What's up everyone... just getting started in diving and spearfishing. Just wanted to say hello. 
Also, not sure if this is the appropriate place or not, but there is an organization here in Pensacola called the Veterans Dive Locker that trains disabled vets, at no cost to them. If anyone has any gear packed away that they don't use and can part ways with, I'm sure they would gladly accept it so that they can provide trainees with gear to do training dives in. I know they do the pool dives at Dive Pros on hwy 98. Instructors name is Dan Anderson. 
Anyways, looking forward to getting into the diving community.


----------



## SattDaddy (Mar 2, 2015)

Dime, thanks for the post. I am a PADI advanced open water with 5 specialty certs.
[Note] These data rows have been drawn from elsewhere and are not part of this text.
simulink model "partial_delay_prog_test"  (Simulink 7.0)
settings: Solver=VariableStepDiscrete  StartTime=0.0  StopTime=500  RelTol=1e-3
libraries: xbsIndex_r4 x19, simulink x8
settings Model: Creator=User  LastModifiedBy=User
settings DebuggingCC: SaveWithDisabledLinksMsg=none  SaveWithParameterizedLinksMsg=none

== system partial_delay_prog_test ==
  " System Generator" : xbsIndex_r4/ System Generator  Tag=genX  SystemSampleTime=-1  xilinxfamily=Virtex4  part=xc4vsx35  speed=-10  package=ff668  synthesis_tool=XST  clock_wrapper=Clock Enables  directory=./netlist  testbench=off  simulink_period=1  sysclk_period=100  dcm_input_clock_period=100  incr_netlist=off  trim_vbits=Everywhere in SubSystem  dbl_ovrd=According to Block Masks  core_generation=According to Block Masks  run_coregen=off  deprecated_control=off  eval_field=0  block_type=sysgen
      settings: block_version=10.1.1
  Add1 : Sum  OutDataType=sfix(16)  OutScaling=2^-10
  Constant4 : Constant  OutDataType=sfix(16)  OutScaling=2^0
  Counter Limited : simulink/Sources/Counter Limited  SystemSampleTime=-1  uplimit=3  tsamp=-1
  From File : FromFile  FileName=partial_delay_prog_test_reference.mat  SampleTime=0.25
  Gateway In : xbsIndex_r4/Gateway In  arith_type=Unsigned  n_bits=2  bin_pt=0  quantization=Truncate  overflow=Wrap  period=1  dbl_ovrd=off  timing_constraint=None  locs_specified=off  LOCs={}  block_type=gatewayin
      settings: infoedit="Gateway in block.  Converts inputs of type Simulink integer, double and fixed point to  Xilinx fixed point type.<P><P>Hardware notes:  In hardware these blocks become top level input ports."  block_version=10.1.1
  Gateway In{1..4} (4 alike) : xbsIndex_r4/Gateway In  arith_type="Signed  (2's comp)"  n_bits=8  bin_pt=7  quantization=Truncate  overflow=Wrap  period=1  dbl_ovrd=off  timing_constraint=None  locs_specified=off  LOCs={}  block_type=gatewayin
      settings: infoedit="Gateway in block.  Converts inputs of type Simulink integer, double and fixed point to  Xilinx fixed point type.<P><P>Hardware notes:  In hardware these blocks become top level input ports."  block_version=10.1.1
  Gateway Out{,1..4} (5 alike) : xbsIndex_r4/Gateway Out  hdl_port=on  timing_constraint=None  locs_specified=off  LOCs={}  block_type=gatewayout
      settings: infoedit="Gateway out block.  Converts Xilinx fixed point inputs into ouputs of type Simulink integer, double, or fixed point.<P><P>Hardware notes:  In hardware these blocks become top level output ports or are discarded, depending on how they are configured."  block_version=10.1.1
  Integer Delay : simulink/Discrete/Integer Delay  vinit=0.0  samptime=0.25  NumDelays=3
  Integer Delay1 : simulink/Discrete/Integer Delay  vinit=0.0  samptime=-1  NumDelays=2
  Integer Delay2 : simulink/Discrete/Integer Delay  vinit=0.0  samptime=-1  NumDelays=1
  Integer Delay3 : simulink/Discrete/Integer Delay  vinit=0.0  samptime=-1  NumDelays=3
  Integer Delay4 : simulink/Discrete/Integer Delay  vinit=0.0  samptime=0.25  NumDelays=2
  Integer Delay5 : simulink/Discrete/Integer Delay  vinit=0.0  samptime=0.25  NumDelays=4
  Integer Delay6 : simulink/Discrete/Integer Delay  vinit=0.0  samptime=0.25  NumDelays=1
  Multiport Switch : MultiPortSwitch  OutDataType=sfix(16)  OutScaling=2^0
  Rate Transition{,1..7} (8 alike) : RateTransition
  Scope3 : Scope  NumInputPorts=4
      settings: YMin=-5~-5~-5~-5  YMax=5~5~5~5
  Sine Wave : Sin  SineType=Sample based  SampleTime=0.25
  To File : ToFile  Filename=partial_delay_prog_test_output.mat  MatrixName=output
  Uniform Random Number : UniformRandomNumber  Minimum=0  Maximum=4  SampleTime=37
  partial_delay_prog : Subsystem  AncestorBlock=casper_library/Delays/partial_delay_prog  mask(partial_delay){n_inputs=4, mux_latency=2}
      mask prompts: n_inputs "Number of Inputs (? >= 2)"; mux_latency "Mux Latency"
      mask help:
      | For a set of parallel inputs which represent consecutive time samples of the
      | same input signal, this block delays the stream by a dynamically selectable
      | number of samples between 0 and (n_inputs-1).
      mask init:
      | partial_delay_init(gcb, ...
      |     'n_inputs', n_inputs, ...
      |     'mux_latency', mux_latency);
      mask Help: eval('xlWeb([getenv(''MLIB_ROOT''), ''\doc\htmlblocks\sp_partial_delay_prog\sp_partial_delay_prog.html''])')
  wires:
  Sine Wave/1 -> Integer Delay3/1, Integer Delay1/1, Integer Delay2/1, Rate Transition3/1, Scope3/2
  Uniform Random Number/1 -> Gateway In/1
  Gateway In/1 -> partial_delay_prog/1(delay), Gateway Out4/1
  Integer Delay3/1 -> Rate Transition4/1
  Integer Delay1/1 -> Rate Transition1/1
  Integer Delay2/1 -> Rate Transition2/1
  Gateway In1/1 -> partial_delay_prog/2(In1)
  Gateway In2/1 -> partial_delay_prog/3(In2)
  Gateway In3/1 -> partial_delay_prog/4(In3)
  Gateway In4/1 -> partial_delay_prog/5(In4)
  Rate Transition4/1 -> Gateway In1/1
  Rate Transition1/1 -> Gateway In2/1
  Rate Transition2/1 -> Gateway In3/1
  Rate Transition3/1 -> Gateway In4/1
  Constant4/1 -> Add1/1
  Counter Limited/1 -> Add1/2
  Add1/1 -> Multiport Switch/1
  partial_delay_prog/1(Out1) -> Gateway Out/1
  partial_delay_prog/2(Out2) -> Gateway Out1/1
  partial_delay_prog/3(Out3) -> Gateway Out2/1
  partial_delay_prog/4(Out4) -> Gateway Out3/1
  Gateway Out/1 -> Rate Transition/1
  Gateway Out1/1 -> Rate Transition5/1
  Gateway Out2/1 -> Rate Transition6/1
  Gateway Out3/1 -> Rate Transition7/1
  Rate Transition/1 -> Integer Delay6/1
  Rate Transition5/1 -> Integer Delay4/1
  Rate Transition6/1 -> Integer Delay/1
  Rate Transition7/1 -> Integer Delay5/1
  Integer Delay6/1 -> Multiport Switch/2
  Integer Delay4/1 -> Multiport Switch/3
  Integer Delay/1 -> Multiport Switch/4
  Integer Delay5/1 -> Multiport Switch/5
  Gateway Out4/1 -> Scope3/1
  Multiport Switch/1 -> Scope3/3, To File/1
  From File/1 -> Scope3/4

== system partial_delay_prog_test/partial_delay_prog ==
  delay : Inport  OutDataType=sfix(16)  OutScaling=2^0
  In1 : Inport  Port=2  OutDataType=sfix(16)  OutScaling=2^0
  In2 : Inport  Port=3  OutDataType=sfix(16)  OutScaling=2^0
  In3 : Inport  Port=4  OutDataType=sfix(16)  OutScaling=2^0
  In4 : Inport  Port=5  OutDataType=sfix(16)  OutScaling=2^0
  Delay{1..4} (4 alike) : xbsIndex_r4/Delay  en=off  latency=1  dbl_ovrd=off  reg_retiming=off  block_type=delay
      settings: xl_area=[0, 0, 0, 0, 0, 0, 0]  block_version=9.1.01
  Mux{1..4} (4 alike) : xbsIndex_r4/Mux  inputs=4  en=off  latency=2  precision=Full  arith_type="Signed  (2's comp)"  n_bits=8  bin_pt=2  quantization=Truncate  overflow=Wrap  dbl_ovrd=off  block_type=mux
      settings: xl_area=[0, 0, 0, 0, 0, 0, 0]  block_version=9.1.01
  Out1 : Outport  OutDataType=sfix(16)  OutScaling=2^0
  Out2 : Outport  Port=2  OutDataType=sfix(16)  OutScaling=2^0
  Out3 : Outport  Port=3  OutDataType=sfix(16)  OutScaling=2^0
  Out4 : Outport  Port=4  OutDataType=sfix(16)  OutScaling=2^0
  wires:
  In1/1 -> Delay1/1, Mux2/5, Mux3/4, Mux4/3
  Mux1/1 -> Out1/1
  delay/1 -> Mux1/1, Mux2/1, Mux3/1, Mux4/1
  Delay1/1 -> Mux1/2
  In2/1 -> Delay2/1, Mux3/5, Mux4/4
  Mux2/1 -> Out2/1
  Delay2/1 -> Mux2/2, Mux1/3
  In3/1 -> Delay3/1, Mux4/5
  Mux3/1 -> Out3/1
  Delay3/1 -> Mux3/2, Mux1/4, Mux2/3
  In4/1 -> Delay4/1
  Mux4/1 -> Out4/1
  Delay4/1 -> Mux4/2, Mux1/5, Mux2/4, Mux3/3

My problem is, I am a disabled vet, can not consistently handle the weight of my dive equip out of water and haven't been under in years. I have heard of the Vet Dive Locker. Just haven't taken the time to contact them. Your post has inspired me to contact them and get back in the water.

SattDaddy


----------



## Dime_82 (Aug 22, 2016)

That's awesome to hear. Dan does a great job and really enjoys helping out fellow vets. I will be doing my open water cert dive in about a week.


----------



## CWBerube (Feb 9, 2008)

Wow, that sounds like a very good program!
Good luck on your certification prep\completion dives.

Let us know when you're ready.


----------